There is a $10 toll between Snaefellsnes and Reykjavík.
Though dining out can get really expensive (expect a “cheap meal” to run you about $15), there are some more affordable options. There are tons of cafes or bakeries that offer unlimited soup and bread. Sometimes it also comes with salad, coffee/tea and dessert too (like at Iceland Street Food which cost about $15/pp with a voucher for their beer next door). Most often, we would just make sandwiches for lunch. There were tons of pre-made sandwiches (with vegan options) for less than $10 or you could cut the costs even more by grabbing a loaf of bread and pb&j. Bonus was my favorite out of the trio of budget grocery chains (which included netto and kronan). It was there I found a dairy free chocolate hazelnut spread that I enjoyed way too much and where J could enjoy some of their complimentary coffee.
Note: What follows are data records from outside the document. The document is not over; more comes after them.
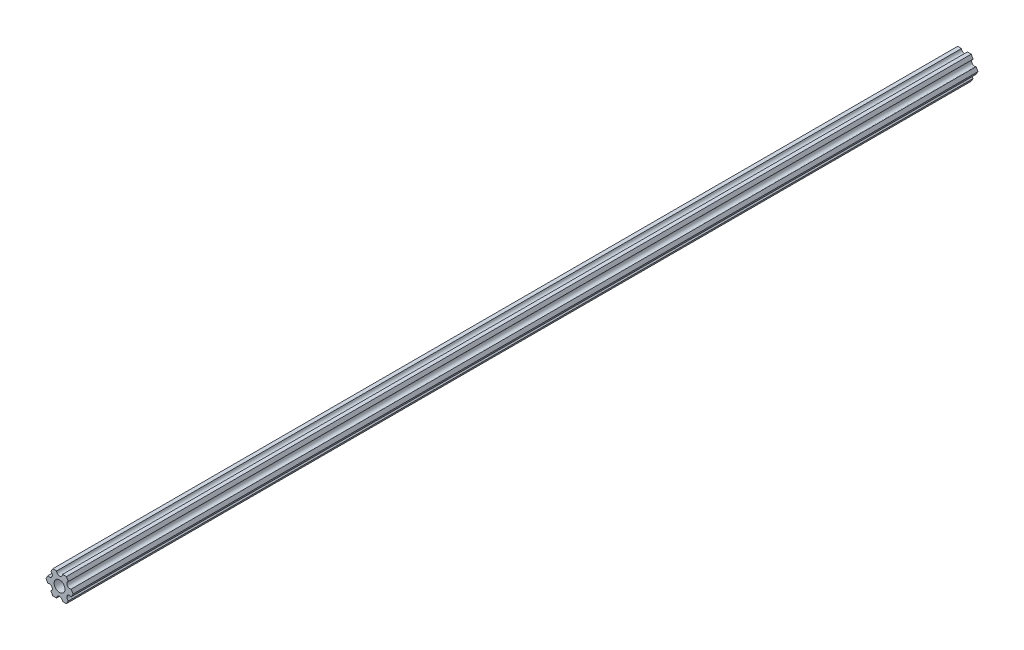
ISO-10303-21;
HEADER;
FILE_DESCRIPTION(('STEP AP214'),'2;1');
FILE_NAME('part.step','',(''),(''),'','','');
FILE_SCHEMA(('AUTOMOTIVE_DESIGN { 1 0 10303 214 1 1 1 1 }'));
ENDSEC;
DATA;
#1=APPLICATION_CONTEXT('core data for automotive mechanical design processes');
#2=APPLICATION_PROTOCOL_DEFINITION('international standard','automotive_design',2000,#1);
#3=PRODUCT_CONTEXT('',#1,'mechanical');
#4=PRODUCT('Part','Part','',(#3));
#5=PRODUCT_RELATED_PRODUCT_CATEGORY('part','',(#4));
#6=PRODUCT_DEFINITION_FORMATION('','',#4);
#7=PRODUCT_DEFINITION_CONTEXT('part definition',#1,'design');
#8=PRODUCT_DEFINITION('design','',#6,#7);
#9=PRODUCT_DEFINITION_SHAPE('','',#8);
#10=(LENGTH_UNIT() NAMED_UNIT(*) SI_UNIT(.MILLI.,.METRE.));
#11=(NAMED_UNIT(*) PLANE_ANGLE_UNIT() SI_UNIT($,.RADIAN.));
#12=(NAMED_UNIT(*) SI_UNIT($,.STERADIAN.) SOLID_ANGLE_UNIT());
#13=UNCERTAINTY_MEASURE_WITH_UNIT(LENGTH_MEASURE(1.E-05),#10,'distance_accuracy_value','');
#14=(GEOMETRIC_REPRESENTATION_CONTEXT(3) GLOBAL_UNCERTAINTY_ASSIGNED_CONTEXT((#13)) GLOBAL_UNIT_ASSIGNED_CONTEXT((#10,
#11,#12)) REPRESENTATION_CONTEXT('',''));
#15=CARTESIAN_POINT('',(0.,0.,0.));
#16=DIRECTION('',(0.,0.,1.));
#17=DIRECTION('',(1.,0.,0.));
#18=AXIS2_PLACEMENT_3D('',#15,#16,#17);
#19=CARTESIAN_POINT('',(5.49926112168156,3.17500033315933,244.475));
#20=DIRECTION('',(0.,0.,1.));
#21=DIRECTION('',(1.,0.,0.));
#22=AXIS2_PLACEMENT_3D('',#19,#20,#21);
#23=PLANE('',#22);
#24=DIRECTION('',(0.499999947533953,0.866025434075723,0.));
#25=VECTOR('',#24,1.);
#26=CARTESIAN_POINT('',(6.29301142309098,-1.80018429024546,244.475));
#27=LINE('',#26,#25);
#28=CARTESIAN_POINT('',(6.29301142309098,-1.80018429024546,244.475));
#29=VERTEX_POINT('',#28);
#30=CARTESIAN_POINT('',(7.33234841870826,4.44212519169686E-07,244.475));
#31=VERTEX_POINT('',#30);
#32=EDGE_CURVE('E230',#29,#31,#27,.T.);
#33=ORIENTED_EDGE('',*,*,#32,.T.);
#34=DIRECTION('',(-0.500000052466056,0.866025373493145,0.));
#35=VECTOR('',#34,1.);
#36=CARTESIAN_POINT('',(7.33234841870826,4.44212519169686E-07,244.475));
#37=LINE('',#36,#35);
#38=CARTESIAN_POINT('',(6.29301120497139,1.80018505273894,244.475));
#39=VERTEX_POINT('',#38);
#40=EDGE_CURVE('E127',#31,#39,#37,.T.);
#41=ORIENTED_EDGE('',*,*,#40,.T.);
#42=CARTESIAN_POINT('',(5.49926112168156,3.17500033315933,244.475));
#43=DIRECTION('',(0.,0.,-1.));
#44=DIRECTION('',(1.,0.,0.));
#45=AXIS2_PLACEMENT_3D('',#42,#43,#44);
#46=CIRCLE('',#45,1.5875);
#47=CARTESIAN_POINT('',(4.70551103839172,4.54981561357972,244.475));
#48=VERTEX_POINT('',#47);
#49=EDGE_CURVE('E291',#39,#48,#46,.T.);
#50=ORIENTED_EDGE('',*,*,#49,.T.);
#51=DIRECTION('',(-0.500000052466046,0.866025373493151,0.));
#52=VECTOR('',#51,1.);
#53=CARTESIAN_POINT('',(4.70551103839172,4.54981561357972,244.475));
#54=LINE('',#53,#52);
#55=CARTESIAN_POINT('',(3.66617382465481,6.35000022210627,244.475));
#56=VERTEX_POINT('',#55);
#57=EDGE_CURVE('E310',#48,#56,#54,.T.);
#58=ORIENTED_EDGE('',*,*,#57,.T.);
#59=DIRECTION('',(-0.999999999999998,-6.05825850611185E-08,0.));
#60=VECTOR('',#59,1.);
#61=CARTESIAN_POINT('',(3.66617382465481,6.35000022210627,244.475));
#62=LINE('',#61,#60);
#63=CARTESIAN_POINT('',(1.58749961530074,6.35000009617482,244.475));
#64=VERTEX_POINT('',#63);
#65=EDGE_CURVE('E307',#56,#64,#62,.T.);
#66=ORIENTED_EDGE('',*,*,#65,.T.);
#67=CARTESIAN_POINT('',(-3.84699260060323E-07,6.35,244.475));
#68=DIRECTION('',(0.,0.,-1.));
#69=DIRECTION('',(1.,0.,0.));
#70=AXIS2_PLACEMENT_3D('',#67,#68,#69);
#71=CIRCLE('',#70,1.5875);
#72=CARTESIAN_POINT('',(-1.58750038469926,6.34999990382518,244.475));
#73=VERTEX_POINT('',#72);
#74=EDGE_CURVE('E309',#64,#73,#71,.T.);
#75=ORIENTED_EDGE('',*,*,#74,.T.);
#76=DIRECTION('',(-0.999999999999998,-6.05825963273174E-08,0.));
#77=VECTOR('',#76,1.);
#78=CARTESIAN_POINT('',(-1.58750038469926,6.34999990382518,244.475));
#79=LINE('',#78,#77);
#80=CARTESIAN_POINT('',(-3.66617459405349,6.3499997778937,244.475));
#81=VERTEX_POINT('',#80);
#82=EDGE_CURVE('E312',#73,#81,#79,.T.);
#83=ORIENTED_EDGE('',*,*,#82,.T.);
#84=DIRECTION('',(-0.499999947533942,-0.866025434075729,0.));
#85=VECTOR('',#84,1.);
#86=CARTESIAN_POINT('',(-3.66617459405349,6.3499997778937,244.475));
#87=LINE('',#86,#85);
#88=CARTESIAN_POINT('',(-4.70551158967065,4.54981504343587,244.475));
#89=VERTEX_POINT('',#88);
#90=EDGE_CURVE('E318',#81,#89,#87,.T.);
#91=ORIENTED_EDGE('',*,*,#90,.T.);
#92=CARTESIAN_POINT('',(-5.49926150638082,3.17499966684067,244.475));
#93=DIRECTION('',(0.,0.,-1.));
#94=DIRECTION('',(1.,0.,0.));
#95=AXIS2_PLACEMENT_3D('',#92,#93,#94);
#96=CIRCLE('',#95,1.5875);
#97=CARTESIAN_POINT('',(-6.29301142309098,1.80018429024547,244.475));
#98=VERTEX_POINT('',#97);
#99=EDGE_CURVE('E320',#89,#98,#96,.T.);
#100=ORIENTED_EDGE('',*,*,#99,.T.);
#101=DIRECTION('',(-0.499999947533951,-0.866025434075724,0.));
#102=VECTOR('',#101,1.);
#103=CARTESIAN_POINT('',(-6.29301142309098,1.80018429024547,244.475));
#104=LINE('',#103,#102);
#105=CARTESIAN_POINT('',(-7.33234841870826,-4.44212523790841E-07,244.475));
#106=VERTEX_POINT('',#105);
#107=EDGE_CURVE('E322',#98,#106,#104,.T.);
#108=ORIENTED_EDGE('',*,*,#107,.T.);
#109=DIRECTION('',(0.500000052466045,-0.866025373493151,0.));
#110=VECTOR('',#109,1.);
#111=CARTESIAN_POINT('',(-7.33234841870826,-4.44212523790841E-07,244.475));
#112=LINE('',#111,#110);
#113=CARTESIAN_POINT('',(-6.29301120497141,-1.80018505273897,244.475));
#114=VERTEX_POINT('',#113);
#115=EDGE_CURVE('E324',#106,#114,#112,.T.);
#116=ORIENTED_EDGE('',*,*,#115,.T.);
#117=CARTESIAN_POINT('',(-5.49926112168156,-3.17500033315934,244.475));
#118=DIRECTION('',(0.,0.,-1.));
#119=DIRECTION('',(1.,0.,0.));
#120=AXIS2_PLACEMENT_3D('',#117,#118,#119);
#121=CIRCLE('',#120,1.5875);
#122=CARTESIAN_POINT('',(-4.70551103839172,-4.54981561357972,244.475));
#123=VERTEX_POINT('',#122);
#124=EDGE_CURVE('E326',#114,#123,#121,.T.);
#125=ORIENTED_EDGE('',*,*,#124,.T.);
#126=DIRECTION('',(0.500000052466045,-0.866025373493151,0.));
#127=VECTOR('',#126,1.);
#128=CARTESIAN_POINT('',(-4.70551103839172,-4.54981561357972,244.475));
#129=LINE('',#128,#127);
#130=CARTESIAN_POINT('',(-3.66617382465481,-6.35000022210628,244.475));
#131=VERTEX_POINT('',#130);
#132=EDGE_CURVE('E328',#123,#131,#129,.T.);
#133=ORIENTED_EDGE('',*,*,#132,.T.);
#134=DIRECTION('',(0.999999999999998,6.05825854783851E-08,0.));
#135=VECTOR('',#134,1.);
#136=CARTESIAN_POINT('',(-3.66617382465481,-6.35000022210628,244.475));
#137=LINE('',#136,#135);
#138=CARTESIAN_POINT('',(-1.58749961530074,-6.35000009617482,244.475));
#139=VERTEX_POINT('',#138);
#140=EDGE_CURVE('E330',#131,#139,#137,.T.);
#141=ORIENTED_EDGE('',*,*,#140,.T.);
#142=CARTESIAN_POINT('',(3.8469926204343E-07,-6.35,244.475));
#143=DIRECTION('',(0.,0.,-1.));
#144=DIRECTION('',(1.,0.,0.));
#145=AXIS2_PLACEMENT_3D('',#142,#143,#144);
#146=CIRCLE('',#145,1.5875);
#147=CARTESIAN_POINT('',(1.58750038469926,-6.34999990382518,244.475));
#148=VERTEX_POINT('',#147);
#149=EDGE_CURVE('E176',#139,#148,#146,.T.);
#150=ORIENTED_EDGE('',*,*,#149,.T.);
#151=DIRECTION('',(0.999999999999998,6.05825721258438E-08,0.));
#152=VECTOR('',#151,1.);
#153=CARTESIAN_POINT('',(1.58750038469926,-6.34999990382518,244.475));
#154=LINE('',#153,#152);
#155=CARTESIAN_POINT('',(3.66617459405346,-6.34999977789375,244.475));
#156=VERTEX_POINT('',#155);
#157=EDGE_CURVE('E170',#148,#156,#154,.T.);
#158=ORIENTED_EDGE('',*,*,#157,.T.);
#159=DIRECTION('',(0.499999947533941,0.86602543407573,0.));
#160=VECTOR('',#159,1.);
#161=CARTESIAN_POINT('',(3.66617459405346,-6.34999977789375,244.475));
#162=LINE('',#161,#160);
#163=CARTESIAN_POINT('',(4.70551158967065,-4.54981504343587,244.475));
#164=VERTEX_POINT('',#163);
#165=EDGE_CURVE('E174',#156,#164,#162,.T.);
#166=ORIENTED_EDGE('',*,*,#165,.T.);
#167=CARTESIAN_POINT('',(5.49926150638082,-3.17499966684067,244.475));
#168=DIRECTION('',(0.,0.,-1.));
#169=DIRECTION('',(1.,0.,0.));
#170=AXIS2_PLACEMENT_3D('',#167,#168,#169);
#171=CIRCLE('',#170,1.58750000000001);
#172=EDGE_CURVE('E54',#164,#29,#171,.T.);
#173=ORIENTED_EDGE('',*,*,#172,.T.);
#174=EDGE_LOOP('',(#33,#41,#50,#58,#66,#75,#83,#91,#100,#108,#116,#125,#133,#141,#150,#158,#166,#173));
#175=FACE_BOUND('',#174,.T.);
#176=CARTESIAN_POINT('',(0.,0.,244.475));
#177=DIRECTION('',(0.,0.,1.));
#178=DIRECTION('',(1.,0.,0.));
#179=AXIS2_PLACEMENT_3D('',#176,#177,#178);
#180=CIRCLE('',#179,2.9337);
#181=CARTESIAN_POINT('',(2.9337,0.,244.475));
#182=VERTEX_POINT('',#181);
#183=EDGE_CURVE('E199',#182,#182,#180,.T.);
#184=ORIENTED_EDGE('',*,*,#183,.F.);
#185=EDGE_LOOP('',(#184));
#186=FACE_BOUND('',#185,.T.);
#187=ADVANCED_FACE('F36',(#175,#186),#23,.T.);
#188=CARTESIAN_POINT('',(5.49926112168156,3.17500033315933,-244.475));
#189=DIRECTION('',(0.,0.,1.));
#190=DIRECTION('',(1.,0.,0.));
#191=AXIS2_PLACEMENT_3D('',#188,#189,#190);
#192=PLANE('',#191);
#193=DIRECTION('',(0.499999947533953,0.866025434075723,0.));
#194=VECTOR('',#193,1.);
#195=CARTESIAN_POINT('',(6.29301142309098,-1.80018429024546,-244.475));
#196=LINE('',#195,#194);
#197=CARTESIAN_POINT('',(6.29301142309098,-1.80018429024546,-244.475));
#198=VERTEX_POINT('',#197);
#199=CARTESIAN_POINT('',(7.33234841870826,4.44212519169686E-07,-244.475));
#200=VERTEX_POINT('',#199);
#201=EDGE_CURVE('E195',#198,#200,#196,.T.);
#202=ORIENTED_EDGE('',*,*,#201,.F.);
#203=CARTESIAN_POINT('',(5.49926150638082,-3.17499966684067,-244.475));
#204=DIRECTION('',(0.,0.,-1.));
#205=DIRECTION('',(1.,0.,0.));
#206=AXIS2_PLACEMENT_3D('',#203,#204,#205);
#207=CIRCLE('',#206,1.58750000000001);
#208=CARTESIAN_POINT('',(4.70551158967065,-4.54981504343587,-244.475));
#209=VERTEX_POINT('',#208);
#210=EDGE_CURVE('E119',#209,#198,#207,.T.);
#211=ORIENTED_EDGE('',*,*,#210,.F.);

Lunch for J was often made with their ready made shrimp and lox sandwich filling for about $4 which made several sandwiches.
On our very last night, we drove to Ölfus or Gata which offered a free campsite. Camping Hamrar in Akureyri was one of our favorite sites but cost $30. Their hot water was plentiful and their facilities were new but since they had an actual kitchen (which was rare), the lines were long and the dining room was full. We didn’t have high expectations for the free campsite but it actually wasn’t bad. There are hot showers for about $4, heated restrooms and a shed type area where you can make your meals with a larder full of provisions to take and give. In the morning, we ambled on over to the onsite cafe and the sweetest little lady had her own duck eggs for sale with a variety of waffles and hot drinks on her menu. Her smile and hospitality alone warmed my soul.
3 free hot springs that are better than the blue lagoon, in my opinion. Better because well, they’re completely free, not man made, nestled out in nature, and if you’re lucky, you can have them all to yourself or enjoy them with the locals.
It’s most likely going to be cold and very windy (very windy in that you actually have to be careful about opening car doors). Wool thermals (and dressing in layers), a rain jacket and waterproof boots were how I managed to wade into ravines or slosh into Gljúfrabúi. Several locals told us that just a week prior, it had been raining non stop. Thankfully, we only got a bit of rain and just a few overnight storms but it’s known to rain a lot and waterproof shoes are an absolute must, even if it’s to step along soggy or muddy terrain to get to your destination. Along your travels, you’re also likely to run into Icelandic horses that are completely unique to Iceland and utterly sweet and charming with their throwback bouffant hairstyle and rockstar-blow-in-the-wind manes.
Most importantly, Iceland is meant to be savored. It’s a most special and magical experience so go slow and take it all in. We went at our pace and even lingered at some of our favorite places and still, in just a weeks time managed to see most of the ring road and make time for the Westfjords and the Snaefellsnes Peninsula with plenty of unexpected gems along the way.